Pecan trees are my barometer. Never seen them get froze back in over 50 years...smartest tree in Nature.


----------



## Rubberback (Sep 9, 2008)

Meadowlark said:


> This old East Texas gardener doesn't have a single Boid D'arc tree on the place...or anywhere near. I wish I did because the wood is rock hard.
> 
> Pecan trees are my barometer. Never seen them get froze back in over 50 years...smartest tree in Nature.[/QUOTE That they are. I laughed at this because I say the same thing. Elm trees are stupid pecans are smart. I have some Bo Ark Trees I'll keep an eye on them now that I read this. I usually go by pecan as well.


----------



## Johnny9 (Sep 7, 2005)

This weekend bought 6 Celebritys, dug up carrots, got out wire cages for maters and went to work. Last week had 1.9 inch rain and soil was perfect to work so I got started makings water rings for maters, planted them, set in cages, watered them in, seeded yellow crook neck squash and zuccini squash. All was great, then last night got another 2 inch rain. No problems but it may get down to 35-37 Wed or Thur night. Sending the GF to cover as I will be out of town. Keeping fingers crossed it warms up.


----------



## Rubberback (Sep 9, 2008)

Its still early here. More prep & I'll watch the weather. Hard to decide with the winter we had.


----------



## goatchze (Aug 1, 2006)

*Are we there?*

Since I have multiple trees in question, here's where we stand a month later:

Elms - Full foliage
Oak - Leaves still growing, about 1/2 size and not yet green
Bois d'arc - Just budding
Pecan - No life

The bois d'arc leaves are not quite "as big as squirrels ears", but pretty close.


----------



## BATWING (May 9, 2008)

Someone sent me this the other day. Im not in Harris Co but seems to lay it out.

LINK


----------



## tinman (Apr 13, 2005)

*Update*



tinman said:


> I planted my onions 3 weeks ago (now I am afraid I have lost them to the 16 degree night we had last week). Planted red and Yukon gold potatos last weekend (covered them up with straw). Planted Swiss Chard last weekend (not up yet). Planted sugar snap peas (also not up yet)
> Afraid I jumped the gun this year here in North Texas, but one never knows. Wish me luck.
> 
> Tinman


 Ok, here is the latest......Planted 20 tomato plants last weekend (celebrity, super fantastic, early girl, Cherokee purple) Can't seem to find any Merced anywhere.
Also planted Jalepenos, bell peppers, dill and garlic.
Last Thursday I planted 14 hills of yellow squash and 4 hills of Zuccini.

Right now, the potatos are all up and growing, the onions look pretty good (but did lose a few), and the swiss chard is about 2 inches tall. Sugar snap peas are also 2"tall.

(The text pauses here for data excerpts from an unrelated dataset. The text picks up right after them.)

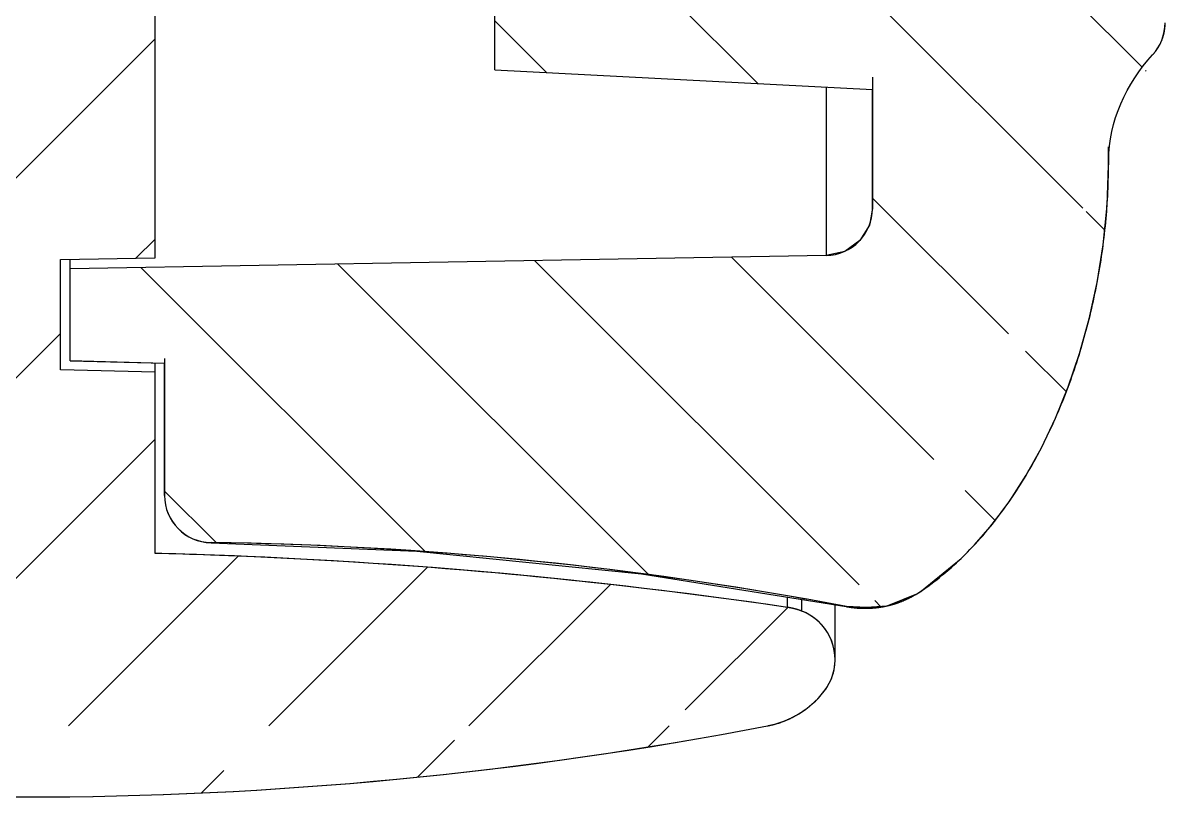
# Model space of a CAD drawing. Header units: millimetres. Extents: x 1884 to 2552, y 611 to 826.
# Drawn here: x 1997.58 to 2009.68, y 695.03 to 703.25 of the extents above; entities that cross this region are included whole.
import ezdxf

# ---------------------------------------------------------------- set-up
doc = ezdxf.new("R2010")
doc.units = ezdxf.units.MM

msp = doc.modelspace()

# ---------------------------------------------------------------- hatches: boundary and pattern name
at = {"linetype": 'Continuous'}
h = msp.add_hatch(dxfattribs=at)
h.set_pattern_fill('A', color=2, scale=1.5, angle=45, style=0, pattern_type=0)
h.set_pattern_definition([(45, (1517.217922039963, 507.6871113371132), (-1.0606601718, 1.0606601718), [])])
edge = h.paths.add_edge_path()
edge.add_arc((1997.583800335763, 641.7252335894133), 55.9139070758, 91.43475051799999, 98.33096996450003)
edge.add_line((1996.183799776163, 697.6216109578132), (1996.183799776163, 699.6865700977132))
edge.add_line((1995.033799776163, 699.7166840789133), (1996.183799776163, 699.6865700977133))
edge.add_line((1995.033799776163, 699.7166840789133), (1995.033799776163, 701.7491885835133))
edge.add_line((1995.783799776163, 701.7557337280133), (1995.033799776163, 701.7491885835133))
edge.add_line((1995.783799776163, 704.7131333876133), (1995.783799776163, 701.7557337280133))
edge.add_line((1995.783799776163, 704.7131333876133), (1996.083696973663, 705.0209864721133))
edge.add_line((1996.083696973663, 705.0209864721133), (1996.783799776163, 705.0393193092134))
edge.add_line((1996.783799776163, 706.0009181663132), (1996.783799776163, 705.0393193092133))
edge.add_line((1996.783799776163, 706.0009181663132), (1998.983799776163, 706.0393193092133))
edge.add_line((1998.983799776163, 700.7548620612132), (1998.983799776163, 706.0393193092132))
edge.add_line((1997.983799776163, 700.7374070153134), (1998.983799776163, 700.7548620612133))
edge.add_line((1997.983799776163, 699.5679087940133), (1997.983799776163, 700.7374070153134))
edge.add_line((1998.983799776163, 699.5417229009132), (1997.983799776163, 699.5679087940132))
edge.add_line((1998.983799776163, 697.6216109852134), (1998.983799776163, 699.5417229009133))
edge.add_arc((1997.583800320563, 641.7252339004132), 55.9139067646, 81.66903137119999, 88.5652506056)
edge.add_spline(control_points=[(2005.832971578663, 697.0106534737132), (2005.785224230764, 697.0288408575133), (2005.735778278864, 697.0417128432139), (2005.685223506663, 697.0491158956132)], knot_values=[0, 0, 0, 0, 1, 1, 1, 1], weights=[1, 0.9960240523999999, 0.9960240523999999, 1], degree=3, periodic=0)
edge.add_arc((2005.637194283963, 696.4966796927132), 0.5499997792, 321.7507709595, 429.1477069691001)
edge.add_spline(control_points=[(2005.473269543963, 695.7933788425133), (2005.711574616163, 695.8393633913128), (2005.918872863963, 695.9655827389132), (2006.069125104663, 696.1561821991132)], knot_values=[0, 0, 0, 0, 1, 1, 1, 1], weights=[1, 0.9581292765, 0.9581292765, 1], degree=3, periodic=0)
edge.add_arc((1997.583799768863, 736.6788661265133), 41.6397255687, 270.00000001, 280.9218427847)
edge.add_arc((1997.583799238163, 736.6788661887132), 41.6397256405, 259.0781578627, 269.9999988514)
edge.add_spline(control_points=[(1989.098461155063, 696.1561994020132), (1989.248714031263, 695.9655907867133), (1989.456017422264, 695.8393652893138), (1989.694329957263, 695.7933793071132)], knot_values=[0, 0, 0, 0, 1, 1, 1, 1], weights=[1, 0.9581267974, 0.9581267974, 1], degree=3, periodic=0)
edge.add_arc((1989.530405510163, 696.4966923457133), 0.5500001836, 110.8502224268, 218.247990421)
edge.add_spline(control_points=[(1989.482376050363, 697.0491142484133), (1989.431829642265, 697.0417124196134), (1989.382391639365, 697.0288434526141), (1989.334651536163, 697.0106607959134)], knot_values=[0, 0, 0, 0, 1, 1, 1, 1], weights=[1, 0.9960253615000001, 0.9960253615000001, 1], degree=3, periodic=0)
edge = h.paths.add_edge_path()
edge.add_line((1998.983799776163, 709.0393193092133), (1998.983799776163, 711.2334631014132))
edge.add_line((1996.783799776163, 709.0777204520133), (1998.983799776163, 709.0393193092133))
edge.add_line((1996.783799776163, 710.0393193092133), (1996.783799776163, 709.0777204520133))
edge.add_line((1996.083696973663, 710.0576521462132), (1996.783799776163, 710.0393193092132))
edge.add_line((1995.783799776163, 710.3655052307132), (1996.083696973663, 710.0576521462132))
edge.add_line((1995.783799776163, 711.2893193092133), (1995.783799776163, 710.3655052307133))
edge.add_line((1995.783799776163, 711.2893193092133), (1998.983799776163, 711.2334631014132))
edge = h.paths.add_edge_path()
edge.add_line((1998.983799776163, 804.4568489996133), (1998.983799776163, 802.5367349962132))
edge.add_line((1997.983799776163, 802.5105490747134), (1998.983799776163, 802.5367349962135))
edge.add_line((1997.983799776163, 802.5105490747134), (1997.983799776163, 801.3410495828134))
edge.add_line((1998.983799776163, 801.3235945179132), (1997.983799776163, 801.3410495828132))
edge.add_line((1998.983799776163, 801.3235945179132), (1998.983799776163, 800.3506477416132))
edge.add_line((1996.183799776163, 800.3262125118132), (1998.983799776163, 800.3506477416132))
edge.add_line((1996.183799776163, 801.5991603649132), (1996.183799776163, 800.3262125118133))
edge.add_line((1996.183799776163, 801.5991603649132), (1995.033799776163, 801.6393192498133))
edge.add_line((1995.033799776163, 802.3617898123133), (1995.033799776163, 801.6393192498133))
edge.add_line((1996.183799776163, 802.3919036221133), (1995.033799776163, 802.3617898123133))
edge.add_line((1996.183799776163, 804.4568489996133), (1996.183799776163, 802.3919036221132))
edge.add_spline(control_points=[(1989.482376059263, 805.0293441161133), (1991.703343013164, 804.7041140243136), (1993.939850116263, 804.5130517294134), (1996.183799776163, 804.4568489996133)], knot_values=[0, 0, 0, 0, 1, 1, 1, 1], weights=[1, 0.9987931192, 0.9987931192, 1], degree=3, periodic=0)
edge.add_spline(control_points=[(1989.334621711863, 805.0678089249133), (1989.382370995264, 805.0496202819132), (1989.431819069964, 805.0367474921143), (1989.482376075363, 805.0293441137134)], knot_values=[0, 0, 0, 0, 1, 1, 1, 1], weights=[1, 0.9960237041, 0.9960237041, 1], degree=3, periodic=0)
edge.add_spline(control_points=[(1989.098476887563, 805.9222802806131), (1988.847193590564, 805.6035226286136), (1988.955314847464, 805.2122943960131), (1989.334621697063, 805.0678089298132)], knot_values=[0, 0, 0, 0, 1, 1, 1, 1], weights=[1, 0.7280246156, 0.7280246156, 1], degree=3, periodic=0)
edge.add_spline(control_points=[(1989.694329979163, 806.2850804387132), (1989.456026344064, 806.2390961634134), (1989.248729080063, 806.1128780172131), (1989.098476941463, 805.9222803495132)], knot_values=[0, 0, 0, 0, 1, 1, 1, 1], weights=[1, 0.9581297671, 0.9581297671, 1], degree=3, periodic=0)
edge.add_spline(control_points=[(1997.583799776963, 807.0393193092133), (1994.933968443662, 807.0393193092127), (1992.296163793962, 806.7871433280127), (1989.694330025363, 806.2850804477133)], knot_values=[0, 0, 0, 0, 1, 1, 1, 1], weights=[1, 0.9969742266, 0.9969742266, 1], degree=3, periodic=0)
edge.add_spline(control_points=[(2005.473269526963, 806.2850804478131), (2002.871435758362, 806.7871433280127), (2000.233631108661, 807.0393193092127), (1997.583799775363, 807.0393193092133)], knot_values=[0, 0, 0, 0, 1, 1, 1, 1], weights=[1, 0.9969742266, 0.9969742266, 1], degree=3, periodic=0)
edge.add_spline(control_points=[(2006.069122635063, 805.9222803189133), (2005.918870503964, 806.1128779924132), (2005.711573245063, 806.2390961467137), (2005.473269611763, 806.2850804314131)], knot_values=[0, 0, 0, 0, 1, 1, 1, 1], weights=[1, 0.9581297671, 0.9581297671, 1], degree=3, periodic=0)
edge.add_spline(control_points=[(2005.832977856163, 805.0678089303134), (2006.212284705062, 805.2122943969131), (2006.320405961562, 805.6035226290131), (2006.069122664963, 805.9222802807132)], knot_values=[0, 0, 0, 0, 1, 1, 1, 1], weights=[1, 0.7280246161, 0.7280246161, 1], degree=3, periodic=0)
edge.add_spline(control_points=[(2005.685223483563, 805.0293441147134), (2005.735780487264, 805.0367474934134), (2005.785228560264, 805.0496202830133), (2005.832977842163, 805.0678089256131)], knot_values=[0, 0, 0, 0, 1, 1, 1, 1], weights=[1, 0.9960237044, 0.9960237044, 1], degree=3, periodic=0)
edge.add_spline(control_points=[(1998.983799776163, 804.4568489996133), (2001.227749436263, 804.5130517294134), (2003.464256539664, 804.7041140244137), (2005.685223493763, 805.0293441162133)], knot_values=[0, 0, 0, 0, 1, 1, 1, 1], weights=[1, 0.9987931192, 0.9987931192, 1], degree=3, periodic=0)
h = msp.add_hatch(dxfattribs=at)
h.set_pattern_fill('DEFAULT__7', color=2, scale=1.5, angle=-45, style=0, pattern_type=0)
h.set_pattern_definition([(315, (1519.339242383563, 507.6871113371132), (1.0606601718, 1.0606601718), [])])
edge = h.paths.add_edge_path()
edge.add_line((1999.083799776163, 704.0393193092133), (1999.083799776163, 704.9893193092132))
edge.add_line((1999.083799776163, 704.9893193092133), (2000.083799776163, 705.1656462899133))
edge.add_line((2000.083799776163, 705.1656462899133), (2000.083799776163, 706.2893193092133))
edge.add_line((2000.083799776163, 706.2893193092133), (2002.583799776163, 706.2456816468133))
edge.add_line((2002.583799776163, 705.3893193092132), (2002.583799776163, 706.2456816468132))
edge.add_line((2002.583799776163, 705.3893193092132), (2004.083799776163, 705.3631367118132))
edge.add_line((2004.083799776163, 704.5393193092133), (2004.083799776163, 705.3631367118132))
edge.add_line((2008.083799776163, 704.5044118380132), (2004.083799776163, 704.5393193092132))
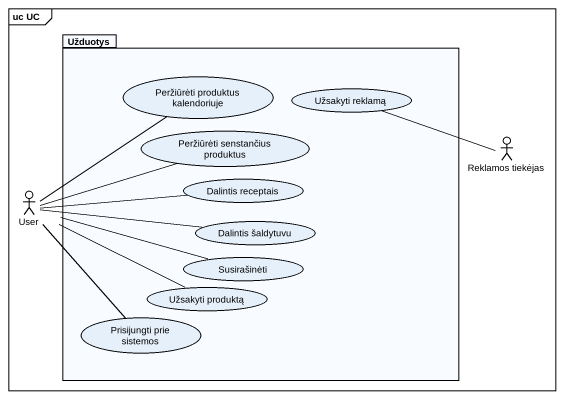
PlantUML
@startuml
mainframe uc UC
package Užduotys {
  usecase "Peržiūrėti produktus kalendoriuje" as Peržiūrėti_produktus
  usecase "Užsakyti reklamą" as Užsakyti_reklamą
  usecase "Peržiūrėti senstančius produktus" as Peržiūrėti_senstančius
  usecase "Dalintis receptais" as Dalintis_receptais
  usecase "Dalintis šaldytuvu" as Dalintis_šaldytuvu
  usecase Susirašinėti
  usecase "Prisijungti prie sistemos" as Prisijungti_prie_sistemos
  usecase "Užsakyti produktą" as Užsakyti_produktą
}
actor "Reklamos tiekėjas" as Reklamos_tiekėjas
actor User
Reklamos_tiekėjas -left- Užsakyti_reklamą
User -up- Peržiūrėti_produktus
User -right- Peržiūrėti_senstančius
User -right- Dalintis_receptais
User -right- Dalintis_šaldytuvu
User -right- Susirašinėti
User -- Prisijungti_prie_sistemos
User -right- Užsakyti_produktą
@enduml

When do you harvest potatos?

Put one package of Clemson okra, even though it is early, just to see if it would grow.


----------



## Meadowlark (Jul 19, 2008)

tinman said:


> ...
> 
> When do you harvest potatos?
> 
> ....


Around here, when the tops start kind of yellowing just after mid-May. Its important to get them out of the ground when they mature because they can rot quickly in the heat and humidity.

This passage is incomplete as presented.